An individual denomination can, if they wish to be popish, decide what the acceptable doctrines are for their denomination. Anyone of their denomination who did not accept them could be called a heretic and ostracized. But it would be improper to call those of other denominations a heretic since they are outside the ‘authority’ of that denomination. However, most churches today recognize that with so many denominations, it is foolish to think non salvic and debatable subjects can be required beliefs to hold over all Christians. Who is to decide? Christ has already decided what is required for salvation. We are foolish to go beyond that.
Lin writes:
“Who would then decide which is the “orthodox” position on each non-essential? Seems to me that this would make everyone a “heretic” in someone’s eyes. Who would then decide which is the “orthodox” position on each non-essential? Seems to me that this would make everyone a “heretic” in someone’s eyes. ”
Well, this is exactly what we have seen in history even from the Reformed church that decided Ana Baptists were heretics for re-baptizing and refusing to allow their babies to be baptized. This thinking on non essentials is dangerous. Even the Reformed church burned these ‘baptizing heretics’ at the stake.
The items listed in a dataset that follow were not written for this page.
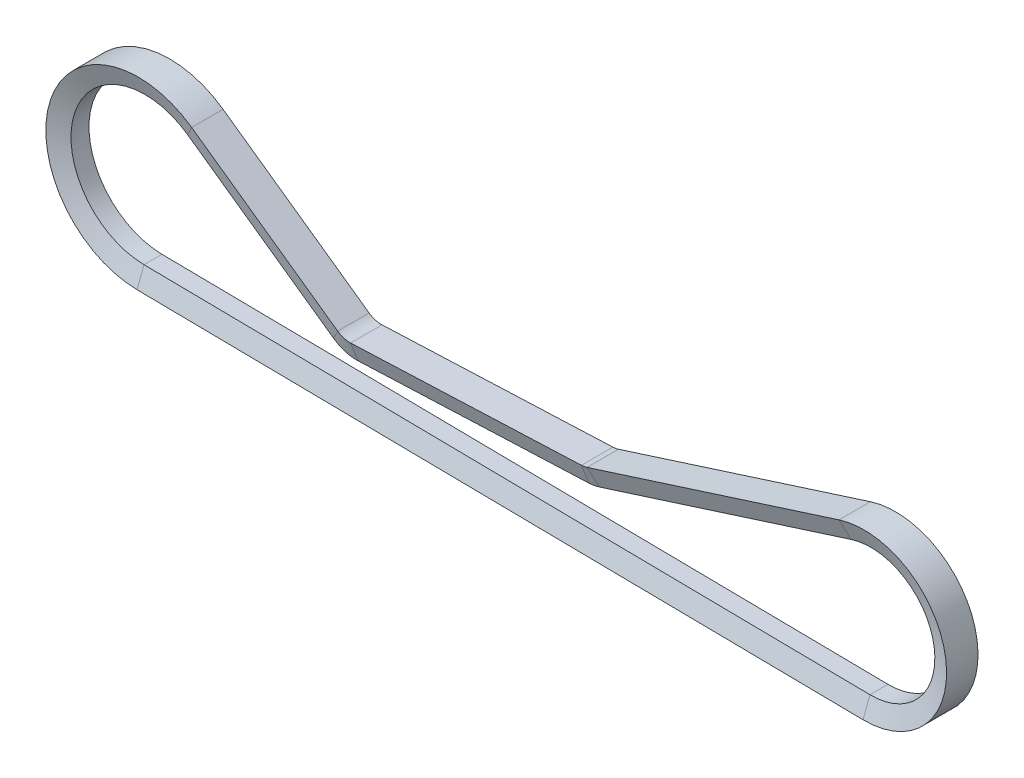
from build123d import *


with BuildPart() as part:
    # Sweep1: sweep along a path in Sketch2
    with BuildLine(Plane.XY) as sweep1_path:
        Line((-0.32462909, -24.99789223), (-220.285626944, -22.14142186))
        ThreePointArc((-220.285626944, -22.14142186), (-246.549449192, 14.515386312), (-203.74809723, 28.712365382))
        Line((-203.74809723, 28.712365382), (-159.4935732, -2.603945894))
        ThreePointArc((-159.4935732, -2.603945894), (-157.624935262, -3.510220979), (-155.563824399, -3.765101896))
        Line((-155.563824399, -3.765101896), (-85.623309635, -0.879899205))
        ThreePointArc((-85.623309635, -0.879899205), (-84.777724495, -0.788003193), (-83.952006589, -0.583922211))
        Line((-83.952006589, -0.583922211), (-7.610362785, 23.813491518))
        ThreePointArc((-7.610362785, 23.813491518), (24.726075707, 3.6906883), (-0.32462909, -24.99789223))
    # Sketch3 → Sweep1 (sweep)
    with BuildSketch(Plane(origin=(-7.610362785, 23.813491518, 0), x_dir=(0.3044145113802444, -0.9525396607286897, 0), z_dir=(0.9525396607286897, 0.3044145113802444, 0))):
        Polygon((0, -4.7625), (0, 4.7625), (5.588, 2.728634331), (5.588, -2.728634331), align=None)
    sweep(path=sweep1_path.line)


solid = part.part
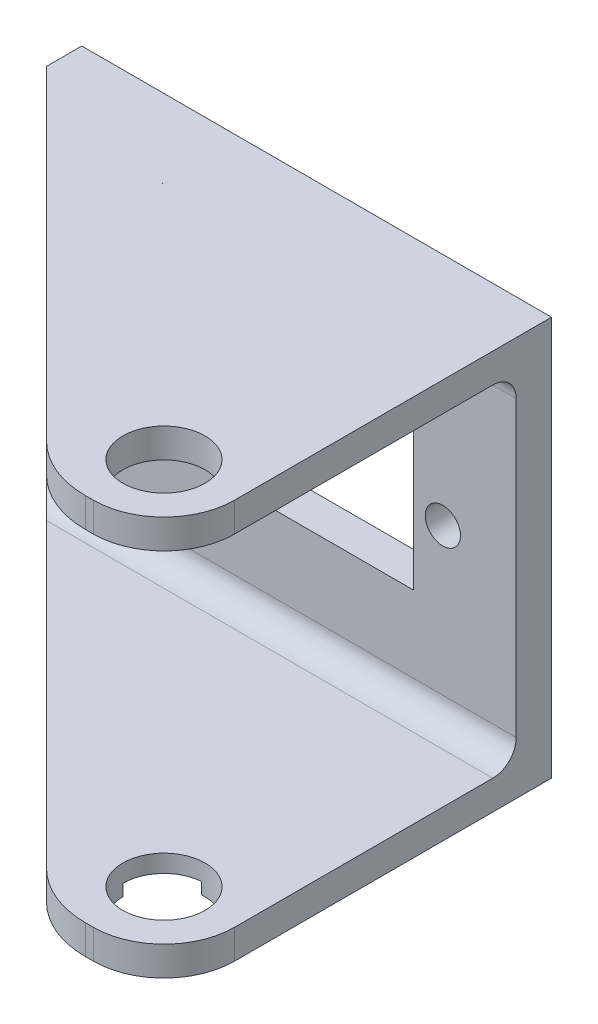
from build123d import *

# Parameters (mm, degrees)
ESBO_O1_W                  = 40
ESBO_O1_H                  = 34
ESBO_O1_R                  = 1.5
ESBO_O1_W_2                = 22.5
ESBO_O1_H_2                = 12
RESSALTO_EXTRUS_O1_DEPTH   = 3
ESBO_O2_W                  = 40
ESBO_O2_H                  = 2.5
RESSALTO_EXTRUS_O2_DEPTH   = 30
CORTE_EXTRUS_O1_DEPTH      = 53.282720471
CORTE_EXTRUS_O1_DEPTH_BACK = 53.282720471
ESBO_O3_R                  = 3.5
FILETE1_R                  = 6
FILETE2_R                  = 2
CORTE_EXTRUS_O2_DEPTH      = 1
FILETE4_R                  = 8


with BuildPart() as part:
    # Esboço1 → Ressalto-extrusão1 (new body)
    with BuildSketch(Plane.XY):
        with Locations((-2.101648352, 0.459478022)):
            Rectangle(ESBO_O1_W, ESBO_O1_H)
        with Locations((11.648351648, 0.459478022)):
            Circle(ESBO_O1_R, mode=Mode.SUBTRACT)
        with Locations((-15.851648352, 0.459478022)):
            Circle(ESBO_O1_R, mode=Mode.SUBTRACT)
        with Locations((-2.101648352, 0.459478022)):
            Rectangle(ESBO_O1_W_2, ESBO_O1_H_2, mode=Mode.SUBTRACT)
    extrude(amount=RESSALTO_EXTRUS_O1_DEPTH)

    # Esboço2 → Ressalto-extrusão2 (add)
    with BuildSketch(Plane.XY.offset(3)):
        with Locations((-2.101648352, 16.209478022)):
            Rectangle(ESBO_O2_W, ESBO_O2_H)
        with Locations((-2.101648352, -15.290521978)):
            Rectangle(ESBO_O2_W, ESBO_O2_H)
    extrude(amount=RESSALTO_EXTRUS_O2_DEPTH)

    # Esboço3 → Corte-extrusão1 (cut, two sides: drawn at the far end of the back side and taken through both)
    with BuildSketch(Plane.XZ.offset(16.540521978).offset(-CORTE_EXTRUS_O1_DEPTH_BACK)):
        with Locations((11.898351648, 27)):
            Circle(ESBO_O3_R)
        Polygon((-22.101648352, 3), (7.898351648, 33), (-22.101648352, 33), align=None)
    extrude(amount=CORTE_EXTRUS_O1_DEPTH + CORTE_EXTRUS_O1_DEPTH_BACK, mode=Mode.SUBTRACT)

    # Filete1
    filete1_edges = [part.edges().sort_by_distance(p)[0] for p in [
        (17.898351648, 16.209478022, 33),
        (17.898351648, -15.290521978, 33),
    ]]
    fillet(filete1_edges, radius=FILETE1_R)

    # Filete2
    filete2_edges = [part.edges().sort_by_distance(p)[0] for p in [
        (-2.101648352, -14.040521978, 3),
        (-2.101648352, 14.959478022, 3),
    ]]
    fillet(filete2_edges, radius=FILETE2_R)

    # Esboço4 → Corte-extrusão2 (cut)
    with BuildSketch(Plane.XZ.offset(16.540521978)):
        Polygon((8.398351648, 27), (-2.157894846, 16.343280995), (1.213419281, 13.003751923), (11.621565934, 23.510961498), align=None)
    extrude(amount=-CORTE_EXTRUS_O2_DEPTH, mode=Mode.SUBTRACT)

    # Filete4
    filete4_edges = [part.edges().sort_by_distance(p)[0] for p in [
        (7.898351648, -15.290521978, 33),
        (7.898351648, 16.209478022, 33),
    ]]
    fillet(filete4_edges, radius=FILETE4_R)


solid = part.part
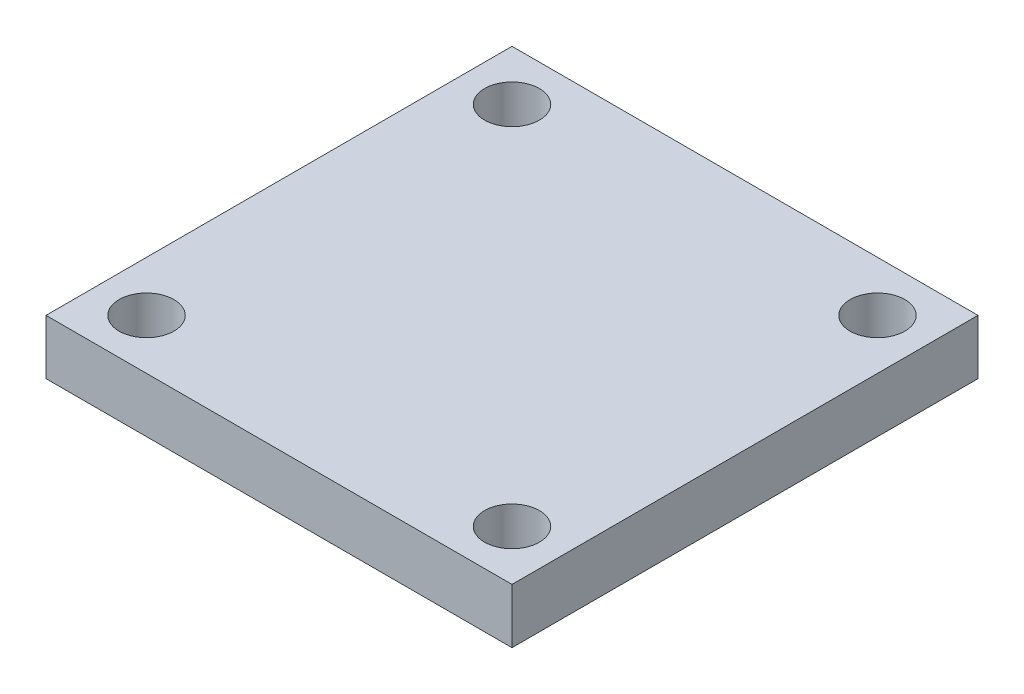
from build123d import *

# Parameters (mm, degrees)
SKETCH2_W             = 25.5
SKETCH2_H             = 25.5
SKETCH2_R             = 1.5
FLIGHT_COMPUTER_DEPTH = 3


with BuildPart() as part:
    # Sketch2 → Flight Computer (new body)
    with BuildSketch(Plane(origin=(0, 0, 0), x_dir=(1, 0, 0), z_dir=(0, 1, 0))):
        Rectangle(SKETCH2_W, SKETCH2_H)
        with Locations((-10, -10)):
            Circle(SKETCH2_R, mode=Mode.SUBTRACT)
        with Locations((10, -10)):
            Circle(SKETCH2_R, mode=Mode.SUBTRACT)
        with Locations((-10, 10)):
            Circle(SKETCH2_R, mode=Mode.SUBTRACT)
        with Locations((10, 10)):
            Circle(SKETCH2_R, mode=Mode.SUBTRACT)
    extrude(amount=FLIGHT_COMPUTER_DEPTH)


solid = part.part

As a matter of looking to the greater good I have already taken off several posts on this blog. I do not have time for disputing over words and if those who mock and attack have an issue with me, they can contact me directly through email.
And those that love the brethren and sistren and contact you by email also!
This is my first time here and it looks like this website has a lot of great resources for digging into the controversial gender role texts. I’m looking forward to reading more of what’s offered.
I just wanted to put forward a thought in a spirit of humility, that as a newcomer reading some of the comments, I sensed some of the same attitude of pride in the egal camp that was being pointed out in the comp camp as well.
Although I understand that the heart of some of the comments is to be biblical faithful, some of the comments I’ve read went a little far, I think: questioning the manhood (“90 days in a concentration camp”) and the motives (“relying on dogma and fear”, “vested interest in his pocketbook”) of some in the comp camp. I have many comp friends who are incredibly loving and humble in how they live out their convictions, so I wouldn’t be so quick to paint them as being insecure or power-hungry. Like most of us here, I think the heart of many of our comp friends is to be faithful to Scripture, even if they read it in a different way.
We ought to argue our points scripturally without resorting to the same name-calling that we’re preaching against.
Jay,
Welcome to my blog!
I think this post brought out some intense feelings because it was about attitudes and judgments made against part of the body of Christ.
Although I try hard not to edit out material by posters here, I do agree that as much as possible we all try to deal with the scriptural issues. But I do understand the emotions that come out from those who have been abused.
I also agree that there are many, many Christians who are complementarians who are lovely people who would not harm a flee and who and trying as best they can to be faithful to the scripture. Part of the purpose of this blog is to help such ones to have a place to research the other side knowing that my first priority is faithfulness to the scriptures.
I do appreciate your comments and I hope that you will find yourself at home here.